* [DIRECTIONS]: Starting at the line that contains "A CAD part, left-side" in the listing below, write out every line word for word until you have written the line that contains "Length unit declared in the file: inch".

* [EXCERPTED RECORDS]:
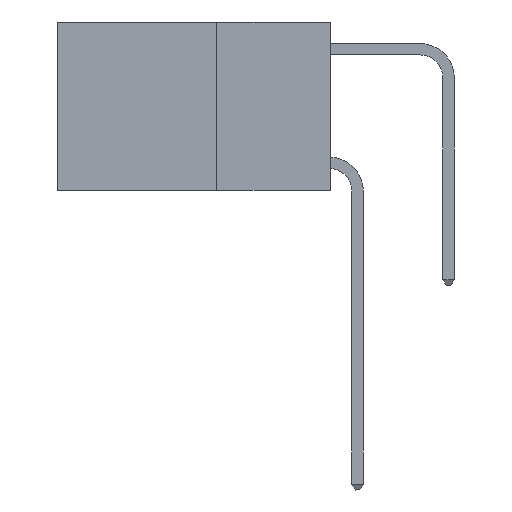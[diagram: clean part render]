
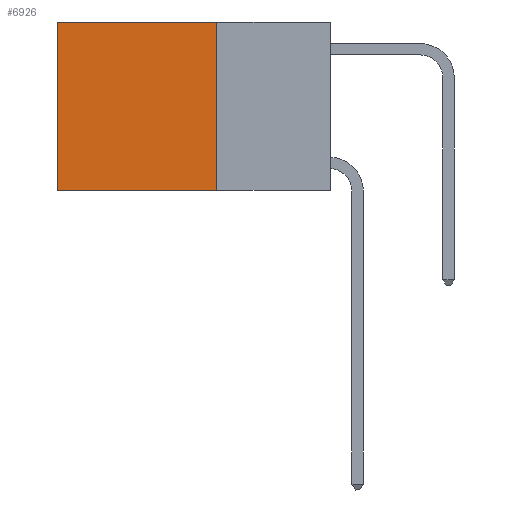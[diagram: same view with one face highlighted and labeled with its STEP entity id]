
A CAD part, left-side view. The second image highlights one B-rep face of the part: STEP entity #6926.
In plain terms, the highlighted planar face has unit normal (-1, 0, 0).
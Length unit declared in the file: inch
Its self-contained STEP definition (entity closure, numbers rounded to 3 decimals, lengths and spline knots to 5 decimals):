
#298 = CARTESIAN_POINT ( 'NONE',  ( 0.2625, 0.6, 0. ) ) ;
#476 = DIRECTION ( 'NONE',  ( 0., 0., -1. ) ) ;
#500 = DIRECTION ( 'NONE',  ( 1., 0., 0. ) ) ;
#580 = CARTESIAN_POINT ( 'NONE',  ( 0.2625, 0.25, 0. ) ) ;
#586 = PLANE ( 'NONE',  #6534 ) ;
#1286 = VECTOR ( 'NONE', #5726, 39.37008 ) ;
#1330 = VERTEX_POINT ( 'NONE', #4596 ) ;
#1575 = LINE ( 'NONE', #7348, #1286 ) ;
#1977 = EDGE_CURVE ( 'NONE', #7197, #3714, #10750, .T. ) ;
#2036 = CARTESIAN_POINT ( 'NONE',  ( 0.2625, 0.25, 0. ) ) ;
#2483 = FACE_OUTER_BOUND ( 'NONE', #6566, .T. ) ;
#2679 = DIRECTION ( 'NONE',  ( 0., 0., -1. ) ) ;
#2711 = ORIENTED_EDGE ( 'NONE', *, *, #10638, .F. ) ;
#2763 = ORIENTED_EDGE ( 'NONE', *, *, #2783, .T. ) ;
#2777 = ORIENTED_EDGE ( 'NONE', *, *, #1977, .T. ) ;
#2783 = EDGE_CURVE ( 'NONE', #3714, #9585, #10128, .T. ) ;
#2784 = ORIENTED_EDGE ( 'NONE', *, *, #9251, .F. ) ;
#3529 = VECTOR ( 'NONE', #2679, 39.37008 ) ;
#3577 = CARTESIAN_POINT ( 'NONE',  ( 0.2625, 0.25, -0.37 ) ) ;
#3594 = VECTOR ( 'NONE', #9405, 39.37008 ) ;
#3714 = VERTEX_POINT ( 'NONE', #8856 ) ;
#3857 = CARTESIAN_POINT ( 'NONE',  ( 0.2625, 0.25, 0. ) ) ;
#4596 = CARTESIAN_POINT ( 'NONE',  ( 0.2625, 0.25, -0.37 ) ) ;
#5298 = CARTESIAN_POINT ( 'NONE',  ( 0.2625, 0.6, -0.37 ) ) ;
#5726 = DIRECTION ( 'NONE',  ( 0., 0., -1. ) ) ;
#6534 = AXIS2_PLACEMENT_3D ( 'NONE', #580, #500, #476 ) ;
#6566 = EDGE_LOOP ( 'NONE', ( #2763, #2711, #2784, #2777 ) ) ;
#6733 = DIRECTION ( 'NONE',  ( 0., 1., 0. ) ) ;
#6926 = ADVANCED_FACE ( 'NONE', ( #2483 ), #586, .F. ) ;
#7197 = VERTEX_POINT ( 'NONE', #2036 ) ;
#7348 = CARTESIAN_POINT ( 'NONE',  ( 0.2625, 0.25, 0. ) ) ;
#7791 = LINE ( 'NONE', #3577, #3594 ) ;
#8636 = VECTOR ( 'NONE', #6733, 39.37008 ) ;
#8856 = CARTESIAN_POINT ( 'NONE',  ( 0.2625, 0.6, 0. ) ) ;
#9251 = EDGE_CURVE ( 'NONE', #7197, #1330, #1575, .T. ) ;
#9405 = DIRECTION ( 'NONE',  ( 0., 1., 0. ) ) ;
#9585 = VERTEX_POINT ( 'NONE', #5298 ) ;
#10128 = LINE ( 'NONE', #298, #3529 ) ;
#10638 = EDGE_CURVE ( 'NONE', #1330, #9585, #7791, .T. ) ;
#10750 = LINE ( 'NONE', #3857, #8636 ) ;

* [ANSWER SECTION]:
A CAD part, left-side view. The second image highlights one B-rep face of the part: STEP entity #6926.
In plain terms, the highlighted planar face has unit normal (-1, 0, 0).
Length unit declared in the file: inch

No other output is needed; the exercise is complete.